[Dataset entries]

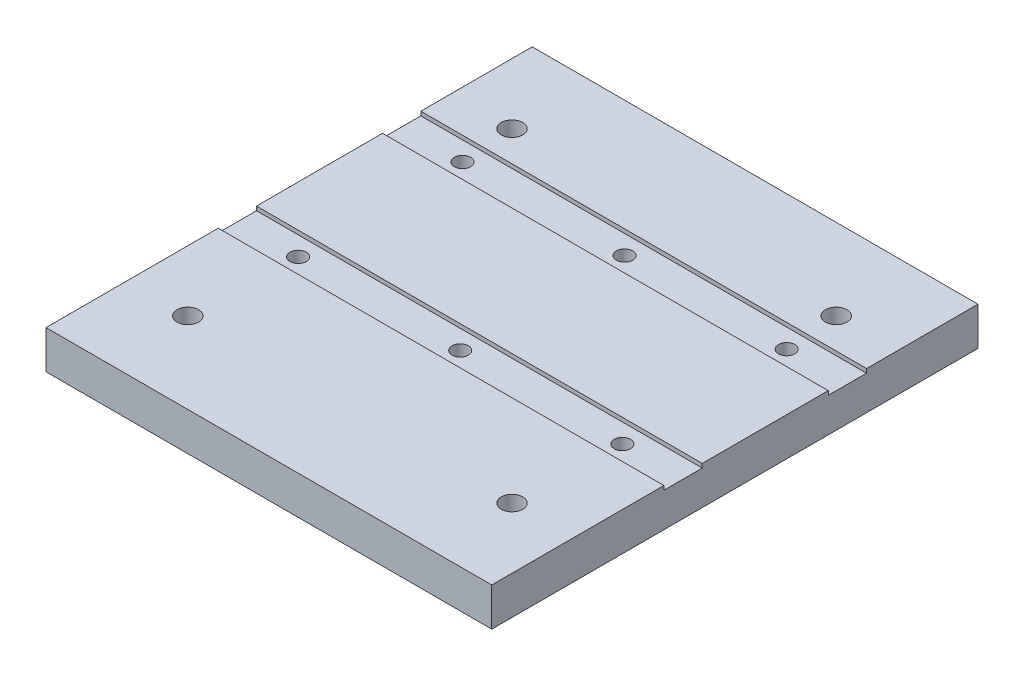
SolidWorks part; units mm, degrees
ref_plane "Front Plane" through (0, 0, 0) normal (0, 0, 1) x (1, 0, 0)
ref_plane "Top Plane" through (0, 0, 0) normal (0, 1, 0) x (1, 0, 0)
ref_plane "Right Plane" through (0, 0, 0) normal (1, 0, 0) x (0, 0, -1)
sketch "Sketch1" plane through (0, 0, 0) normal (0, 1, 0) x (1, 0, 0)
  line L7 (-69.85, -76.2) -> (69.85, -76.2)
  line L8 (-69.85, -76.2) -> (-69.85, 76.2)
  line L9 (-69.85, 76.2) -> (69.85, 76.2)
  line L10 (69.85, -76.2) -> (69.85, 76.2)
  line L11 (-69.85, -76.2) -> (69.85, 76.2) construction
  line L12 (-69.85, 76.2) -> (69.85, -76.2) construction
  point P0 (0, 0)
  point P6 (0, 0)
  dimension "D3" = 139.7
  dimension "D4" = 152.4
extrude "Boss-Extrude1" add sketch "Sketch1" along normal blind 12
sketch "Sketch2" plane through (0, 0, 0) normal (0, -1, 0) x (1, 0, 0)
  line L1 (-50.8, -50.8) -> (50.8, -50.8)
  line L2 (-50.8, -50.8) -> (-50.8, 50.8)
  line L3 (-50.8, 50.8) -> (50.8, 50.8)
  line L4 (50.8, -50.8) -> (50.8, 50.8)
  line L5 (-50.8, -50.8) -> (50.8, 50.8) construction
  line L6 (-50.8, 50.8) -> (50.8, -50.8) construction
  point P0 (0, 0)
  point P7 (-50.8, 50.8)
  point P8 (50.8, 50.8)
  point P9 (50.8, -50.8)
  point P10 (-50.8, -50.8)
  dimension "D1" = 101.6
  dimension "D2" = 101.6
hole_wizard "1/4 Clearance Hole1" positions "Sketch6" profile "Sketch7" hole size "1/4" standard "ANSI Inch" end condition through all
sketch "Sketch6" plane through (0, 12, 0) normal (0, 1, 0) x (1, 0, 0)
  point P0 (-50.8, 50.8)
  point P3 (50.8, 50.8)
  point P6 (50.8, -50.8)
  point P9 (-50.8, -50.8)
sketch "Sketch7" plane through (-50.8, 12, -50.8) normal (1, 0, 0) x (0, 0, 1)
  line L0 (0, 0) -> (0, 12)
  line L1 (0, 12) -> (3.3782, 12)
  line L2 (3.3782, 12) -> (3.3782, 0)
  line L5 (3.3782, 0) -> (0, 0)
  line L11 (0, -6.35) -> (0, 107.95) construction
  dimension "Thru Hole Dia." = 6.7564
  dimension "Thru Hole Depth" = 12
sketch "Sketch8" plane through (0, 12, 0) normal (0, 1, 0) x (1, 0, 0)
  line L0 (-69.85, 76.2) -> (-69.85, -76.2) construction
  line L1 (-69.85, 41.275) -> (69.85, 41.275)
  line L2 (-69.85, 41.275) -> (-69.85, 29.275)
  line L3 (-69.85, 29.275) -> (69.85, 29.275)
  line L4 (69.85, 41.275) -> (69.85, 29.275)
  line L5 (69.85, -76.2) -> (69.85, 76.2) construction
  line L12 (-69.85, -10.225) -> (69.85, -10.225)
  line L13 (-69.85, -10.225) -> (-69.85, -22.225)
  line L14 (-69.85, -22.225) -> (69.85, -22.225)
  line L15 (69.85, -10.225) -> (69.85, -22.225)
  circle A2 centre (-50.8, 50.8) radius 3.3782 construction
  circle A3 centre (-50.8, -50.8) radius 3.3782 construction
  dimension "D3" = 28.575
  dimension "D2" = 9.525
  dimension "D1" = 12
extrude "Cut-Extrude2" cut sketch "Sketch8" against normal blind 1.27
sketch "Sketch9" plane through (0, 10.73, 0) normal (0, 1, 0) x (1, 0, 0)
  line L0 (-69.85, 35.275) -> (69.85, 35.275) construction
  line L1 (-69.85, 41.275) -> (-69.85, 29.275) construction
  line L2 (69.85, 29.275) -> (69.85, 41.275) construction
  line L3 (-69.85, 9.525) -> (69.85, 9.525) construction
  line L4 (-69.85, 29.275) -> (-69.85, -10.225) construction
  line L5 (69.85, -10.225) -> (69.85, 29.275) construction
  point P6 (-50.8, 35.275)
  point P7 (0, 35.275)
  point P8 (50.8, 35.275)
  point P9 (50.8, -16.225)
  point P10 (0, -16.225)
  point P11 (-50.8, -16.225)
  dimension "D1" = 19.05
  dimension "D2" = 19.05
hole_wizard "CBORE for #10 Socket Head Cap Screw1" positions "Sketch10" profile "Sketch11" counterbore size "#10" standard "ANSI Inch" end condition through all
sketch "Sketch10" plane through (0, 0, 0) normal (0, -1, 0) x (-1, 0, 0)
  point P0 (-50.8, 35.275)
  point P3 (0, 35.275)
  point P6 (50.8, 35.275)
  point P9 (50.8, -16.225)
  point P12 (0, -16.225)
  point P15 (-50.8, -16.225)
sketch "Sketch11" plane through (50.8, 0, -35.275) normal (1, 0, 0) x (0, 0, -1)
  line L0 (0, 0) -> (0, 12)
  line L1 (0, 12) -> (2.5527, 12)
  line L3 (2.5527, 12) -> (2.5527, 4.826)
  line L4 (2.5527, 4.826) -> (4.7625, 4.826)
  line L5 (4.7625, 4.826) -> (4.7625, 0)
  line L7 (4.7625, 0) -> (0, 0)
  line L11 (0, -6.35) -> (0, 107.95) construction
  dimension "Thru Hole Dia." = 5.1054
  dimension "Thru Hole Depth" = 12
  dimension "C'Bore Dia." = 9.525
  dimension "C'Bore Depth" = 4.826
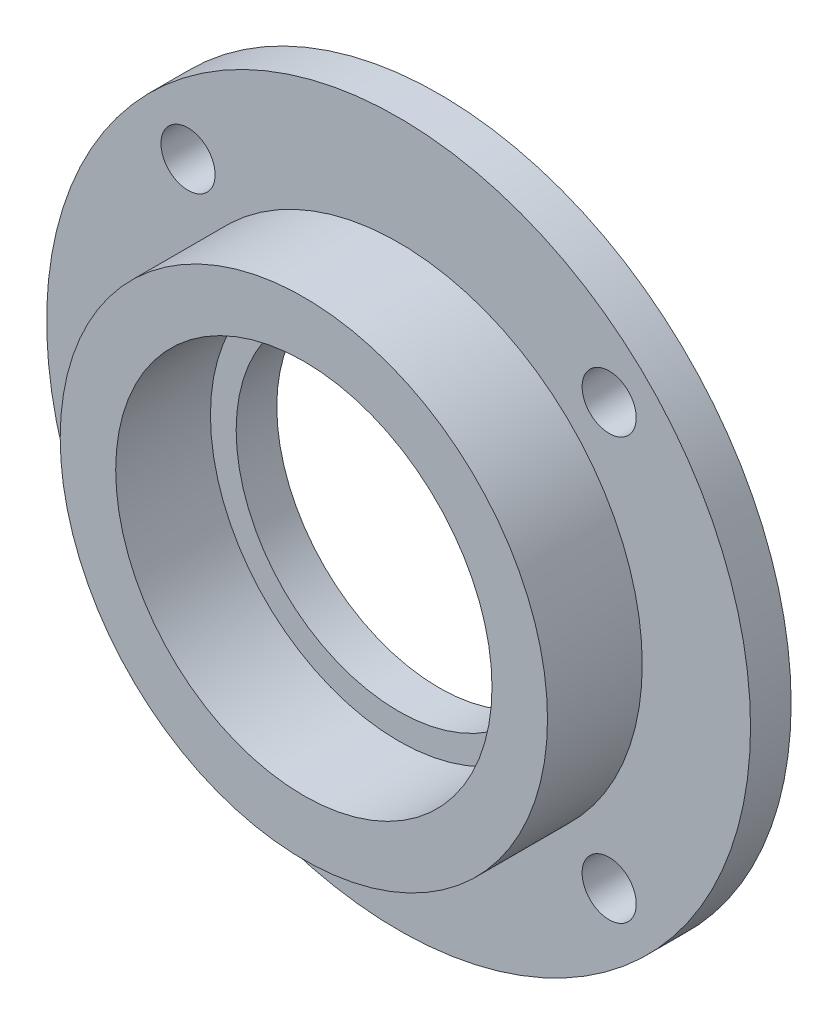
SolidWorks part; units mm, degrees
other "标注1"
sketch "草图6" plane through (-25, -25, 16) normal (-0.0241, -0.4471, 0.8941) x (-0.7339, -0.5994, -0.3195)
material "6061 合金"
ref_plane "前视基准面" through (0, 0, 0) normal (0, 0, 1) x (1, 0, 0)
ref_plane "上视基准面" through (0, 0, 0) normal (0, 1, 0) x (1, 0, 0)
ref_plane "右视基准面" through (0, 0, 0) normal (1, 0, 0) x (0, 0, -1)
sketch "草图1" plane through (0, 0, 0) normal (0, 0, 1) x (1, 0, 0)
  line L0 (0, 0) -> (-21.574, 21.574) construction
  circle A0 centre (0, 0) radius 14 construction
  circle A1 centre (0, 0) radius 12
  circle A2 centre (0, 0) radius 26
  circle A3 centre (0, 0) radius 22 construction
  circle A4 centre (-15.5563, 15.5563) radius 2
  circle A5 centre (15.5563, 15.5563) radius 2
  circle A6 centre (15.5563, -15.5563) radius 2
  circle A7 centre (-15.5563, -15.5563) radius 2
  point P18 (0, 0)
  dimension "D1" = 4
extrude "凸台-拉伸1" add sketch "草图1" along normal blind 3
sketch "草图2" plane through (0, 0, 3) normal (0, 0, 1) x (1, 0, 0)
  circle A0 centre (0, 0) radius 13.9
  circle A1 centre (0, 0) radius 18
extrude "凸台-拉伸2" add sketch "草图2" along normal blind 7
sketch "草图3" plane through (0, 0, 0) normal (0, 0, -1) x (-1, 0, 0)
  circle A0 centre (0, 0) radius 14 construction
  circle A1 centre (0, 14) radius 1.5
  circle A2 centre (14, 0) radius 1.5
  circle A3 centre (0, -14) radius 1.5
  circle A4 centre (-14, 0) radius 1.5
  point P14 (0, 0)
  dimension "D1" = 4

» ACTIVITY:
Could you output the lines above exactly, with no pictures included?

» RESULT OF THE TASK:
SolidWorks part; units mm, degrees
ref_plane "Front Plane" through (0, 0, 0) normal (0, 0, 1) x (1, 0, 0)
ref_plane "Top Plane" through (0, 0, 0) normal (0, 1, 0) x (1, 0, 0)
ref_plane "Right Plane" through (0, 0, 0) normal (1, 0, 0) x (0, 0, -1)
sketch "Sketch1" plane through (0, 0, 0) normal (0, 1, 0) x (1, 0, 0)
  line L7 (-69.85, -76.2) -> (69.85, -76.2)
  line L8 (-69.85, -76.2) -> (-69.85, 76.2)
  line L9 (-69.85, 76.2) -> (69.85, 76.2)
  line L10 (69.85, -76.2) -> (69.85, 76.2)
  line L11 (-69.85, -76.2) -> (69.85, 76.2) construction
  line L12 (-69.85, 76.2) -> (69.85, -76.2) construction
  point P0 (0, 0)
  point P6 (0, 0)
  dimension "D3" = 139.7
  dimension "D4" = 152.4
extrude "Boss-Extrude1" add sketch "Sketch1" along normal blind 12
sketch "Sketch2" plane through (0, 0, 0) normal (0, -1, 0) x (1, 0, 0)
  line L1 (-50.8, -50.8) -> (50.8, -50.8)
  line L2 (-50.8, -50.8) -> (-50.8, 50.8)
  line L3 (-50.8, 50.8) -> (50.8, 50.8)
  line L4 (50.8, -50.8) -> (50.8, 50.8)
  line L5 (-50.8, -50.8) -> (50.8, 50.8) construction
  line L6 (-50.8, 50.8) -> (50.8, -50.8) construction
  point P0 (0, 0)
  point P7 (-50.8, 50.8)
  point P8 (50.8, 50.8)
  point P9 (50.8, -50.8)
  point P10 (-50.8, -50.8)
  dimension "D1" = 101.6
  dimension "D2" = 101.6
hole_wizard "1/4 Clearance Hole1" positions "Sketch6" profile "Sketch7" hole size "1/4" standard "ANSI Inch" end condition through all
sketch "Sketch6" plane through (0, 12, 0) normal (0, 1, 0) x (1, 0, 0)
  point P0 (-50.8, 50.8)
  point P3 (50.8, 50.8)
  point P6 (50.8, -50.8)
  point P9 (-50.8, -50.8)
sketch "Sketch7" plane through (-50.8, 12, -50.8) normal (1, 0, 0) x (0, 0, 1)
  line L0 (0, 0) -> (0, 12)
  line L1 (0, 12) -> (3.3782, 12)
  line L2 (3.3782, 12) -> (3.3782, 0)
  line L5 (3.3782, 0) -> (0, 0)
  line L11 (0, -6.35) -> (0, 107.95) construction
  dimension "Thru Hole Dia." = 6.7564
  dimension "Thru Hole Depth" = 12
sketch "Sketch8" plane through (0, 12, 0) normal (0, 1, 0) x (1, 0, 0)
  line L0 (-69.85, 76.2) -> (-69.85, -76.2) construction
  line L1 (-69.85, 41.275) -> (69.85, 41.275)
  line L2 (-69.85, 41.275) -> (-69.85, 29.275)
  line L3 (-69.85, 29.275) -> (69.85, 29.275)
  line L4 (69.85, 41.275) -> (69.85, 29.275)
  line L5 (69.85, -76.2) -> (69.85, 76.2) construction
  line L12 (-69.85, -10.225) -> (69.85, -10.225)
  line L13 (-69.85, -10.225) -> (-69.85, -22.225)
  line L14 (-69.85, -22.225) -> (69.85, -22.225)
  line L15 (69.85, -10.225) -> (69.85, -22.225)
  circle A2 centre (-50.8, 50.8) radius 3.3782 construction
  circle A3 centre (-50.8, -50.8) radius 3.3782 construction
  dimension "D3" = 28.575
  dimension "D2" = 9.525
  dimension "D1" = 12
extrude "Cut-Extrude2" cut sketch "Sketch8" against normal blind 1.27
sketch "Sketch9" plane through (0, 10.73, 0) normal (0, 1, 0) x (1, 0, 0)
  line L0 (-69.85, 35.275) -> (69.85, 35.275) construction
  line L1 (-69.85, 41.275) -> (-69.85, 29.275) construction
  line L2 (69.85, 29.275) -> (69.85, 41.275) construction
  line L3 (-69.85, 9.525) -> (69.85, 9.525) construction
  line L4 (-69.85, 29.275) -> (-69.85, -10.225) construction
  line L5 (69.85, -10.225) -> (69.85, 29.275) construction
  point P6 (-50.8, 35.275)
  point P7 (0, 35.275)
  point P8 (50.8, 35.275)
  point P9 (50.8, -16.225)
  point P10 (0, -16.225)
  point P11 (-50.8, -16.225)
  dimension "D1" = 19.05
  dimension "D2" = 19.05
hole_wizard "CBORE for #10 Socket Head Cap Screw1" positions "Sketch10" profile "Sketch11" counterbore size "#10" standard "ANSI Inch" end condition through all
sketch "Sketch10" plane through (0, 0, 0) normal (0, -1, 0) x (-1, 0, 0)
  point P0 (-50.8, 35.275)
  point P3 (0, 35.275)
  point P6 (50.8, 35.275)
  point P9 (50.8, -16.225)
  point P12 (0, -16.225)
  point P15 (-50.8, -16.225)
sketch "Sketch11" plane through (50.8, 0, -35.275) normal (1, 0, 0) x (0, 0, -1)
  line L0 (0, 0) -> (0, 12)
  line L1 (0, 12) -> (2.5527, 12)
  line L3 (2.5527, 12) -> (2.5527, 4.826)
  line L4 (2.5527, 4.826) -> (4.7625, 4.826)
  line L5 (4.7625, 4.826) -> (4.7625, 0)
  line L7 (4.7625, 0) -> (0, 0)
  line L11 (0, -6.35) -> (0, 107.95) construction
  dimension "Thru Hole Dia." = 5.1054
  dimension "Thru Hole Depth" = 12
  dimension "C'Bore Dia." = 9.525
  dimension "C'Bore Depth" = 4.826
SolidWorks part; units mm, degrees
other "标注1"
sketch "草图6" plane through (-25, -25, 16) normal (-0.0241, -0.4471, 0.8941) x (-0.7339, -0.5994, -0.3195)
material "6061 合金"
ref_plane "前视基准面" through (0, 0, 0) normal (0, 0, 1) x (1, 0, 0)
ref_plane "上视基准面" through (0, 0, 0) normal (0, 1, 0) x (1, 0, 0)
ref_plane "右视基准面" through (0, 0, 0) normal (1, 0, 0) x (0, 0, -1)
sketch "草图1" plane through (0, 0, 0) normal (0, 0, 1) x (1, 0, 0)
  line L0 (0, 0) -> (-21.574, 21.574) construction
  circle A0 centre (0, 0) radius 14 construction
  circle A1 centre (0, 0) radius 12
  circle A2 centre (0, 0) radius 26
  circle A3 centre (0, 0) radius 22 construction
  circle A4 centre (-15.5563, 15.5563) radius 2
  circle A5 centre (15.5563, 15.5563) radius 2
  circle A6 centre (15.5563, -15.5563) radius 2
  circle A7 centre (-15.5563, -15.5563) radius 2
  point P18 (0, 0)
  dimension "D1" = 4
extrude "凸台-拉伸1" add sketch "草图1" along normal blind 3
sketch "草图2" plane through (0, 0, 3) normal (0, 0, 1) x (1, 0, 0)
  circle A0 centre (0, 0) radius 13.9
  circle A1 centre (0, 0) radius 18
extrude "凸台-拉伸2" add sketch "草图2" along normal blind 7
sketch "草图3" plane through (0, 0, 0) normal (0, 0, -1) x (-1, 0, 0)
  circle A0 centre (0, 0) radius 14 construction
  circle A1 centre (0, 14) radius 1.5
  circle A2 centre (14, 0) radius 1.5
  circle A3 centre (0, -14) radius 1.5
  circle A4 centre (-14, 0) radius 1.5
  point P14 (0, 0)
  dimension "D1" = 4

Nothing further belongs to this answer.